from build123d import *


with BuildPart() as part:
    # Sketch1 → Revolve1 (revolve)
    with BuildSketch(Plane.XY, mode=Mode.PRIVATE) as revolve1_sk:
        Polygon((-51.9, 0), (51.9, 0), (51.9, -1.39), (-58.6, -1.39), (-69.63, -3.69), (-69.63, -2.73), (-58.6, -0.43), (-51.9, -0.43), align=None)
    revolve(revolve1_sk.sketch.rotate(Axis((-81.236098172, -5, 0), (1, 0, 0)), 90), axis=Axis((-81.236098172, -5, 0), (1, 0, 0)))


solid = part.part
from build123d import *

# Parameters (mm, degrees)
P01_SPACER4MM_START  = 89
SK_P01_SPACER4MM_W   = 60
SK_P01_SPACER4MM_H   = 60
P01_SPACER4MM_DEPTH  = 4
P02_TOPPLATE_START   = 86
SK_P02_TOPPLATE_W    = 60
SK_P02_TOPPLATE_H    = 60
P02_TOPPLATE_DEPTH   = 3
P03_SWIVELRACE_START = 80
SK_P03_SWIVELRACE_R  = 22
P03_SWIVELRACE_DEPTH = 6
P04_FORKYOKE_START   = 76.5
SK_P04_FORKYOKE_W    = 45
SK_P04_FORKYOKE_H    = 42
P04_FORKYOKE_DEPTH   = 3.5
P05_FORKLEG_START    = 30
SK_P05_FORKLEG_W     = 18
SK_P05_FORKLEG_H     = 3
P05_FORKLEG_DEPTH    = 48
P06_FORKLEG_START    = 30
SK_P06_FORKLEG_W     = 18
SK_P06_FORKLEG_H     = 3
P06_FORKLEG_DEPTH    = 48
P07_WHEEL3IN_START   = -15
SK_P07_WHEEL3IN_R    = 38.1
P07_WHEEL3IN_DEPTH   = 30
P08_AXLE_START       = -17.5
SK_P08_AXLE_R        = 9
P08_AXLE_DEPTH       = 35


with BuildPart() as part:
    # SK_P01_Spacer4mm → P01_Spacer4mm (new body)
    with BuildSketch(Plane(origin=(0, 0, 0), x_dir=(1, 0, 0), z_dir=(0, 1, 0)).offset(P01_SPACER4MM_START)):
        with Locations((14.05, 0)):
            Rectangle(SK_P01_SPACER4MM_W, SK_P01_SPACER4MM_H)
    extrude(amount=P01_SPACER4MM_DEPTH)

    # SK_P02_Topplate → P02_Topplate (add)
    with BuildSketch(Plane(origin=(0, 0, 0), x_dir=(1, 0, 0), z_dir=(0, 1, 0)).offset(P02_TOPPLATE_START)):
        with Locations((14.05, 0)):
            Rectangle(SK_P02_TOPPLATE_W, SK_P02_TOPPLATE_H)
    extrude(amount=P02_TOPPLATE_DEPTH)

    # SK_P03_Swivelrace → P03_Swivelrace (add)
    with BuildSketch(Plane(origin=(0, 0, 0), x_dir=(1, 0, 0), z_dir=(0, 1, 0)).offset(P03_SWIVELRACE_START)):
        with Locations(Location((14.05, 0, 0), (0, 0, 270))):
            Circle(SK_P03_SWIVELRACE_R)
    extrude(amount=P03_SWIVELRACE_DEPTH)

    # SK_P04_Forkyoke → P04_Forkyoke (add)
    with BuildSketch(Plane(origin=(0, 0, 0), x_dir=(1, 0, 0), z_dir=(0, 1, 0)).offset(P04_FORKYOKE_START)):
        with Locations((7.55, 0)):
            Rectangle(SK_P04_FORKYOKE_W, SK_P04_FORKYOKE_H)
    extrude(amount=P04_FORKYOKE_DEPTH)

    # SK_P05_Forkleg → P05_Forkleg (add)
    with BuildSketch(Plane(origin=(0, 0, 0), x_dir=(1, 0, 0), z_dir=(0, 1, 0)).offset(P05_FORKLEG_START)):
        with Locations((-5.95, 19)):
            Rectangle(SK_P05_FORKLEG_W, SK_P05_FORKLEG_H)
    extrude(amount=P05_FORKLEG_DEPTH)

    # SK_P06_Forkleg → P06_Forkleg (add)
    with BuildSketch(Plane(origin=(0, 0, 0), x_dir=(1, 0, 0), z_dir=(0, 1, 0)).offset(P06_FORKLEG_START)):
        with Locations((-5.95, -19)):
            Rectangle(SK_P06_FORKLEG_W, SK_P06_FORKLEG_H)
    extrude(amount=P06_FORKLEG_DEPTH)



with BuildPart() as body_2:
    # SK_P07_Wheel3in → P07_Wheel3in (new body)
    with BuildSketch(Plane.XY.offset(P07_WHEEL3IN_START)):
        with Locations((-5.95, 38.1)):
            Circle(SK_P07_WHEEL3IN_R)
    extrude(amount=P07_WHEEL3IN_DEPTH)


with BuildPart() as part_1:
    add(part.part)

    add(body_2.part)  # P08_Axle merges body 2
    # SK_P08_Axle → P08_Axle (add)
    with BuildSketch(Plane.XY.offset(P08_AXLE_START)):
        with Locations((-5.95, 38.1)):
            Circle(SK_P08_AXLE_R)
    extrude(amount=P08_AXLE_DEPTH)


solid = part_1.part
════
WORK REQUEST => Your output should be an exact copy of the lines from the top of the listing above to the line with "(-51.9, -0.43), align=None)", both ends included.

OUTPUT =>
from build123d import *


with BuildPart() as part:
    # Sketch1 → Revolve1 (revolve)
    with BuildSketch(Plane.XY, mode=Mode.PRIVATE) as revolve1_sk:
        Polygon((-51.9, 0), (51.9, 0), (51.9, -1.39), (-58.6, -1.39), (-69.63, -3.69), (-69.63, -2.73), (-58.6, -0.43), (-51.9, -0.43), align=None)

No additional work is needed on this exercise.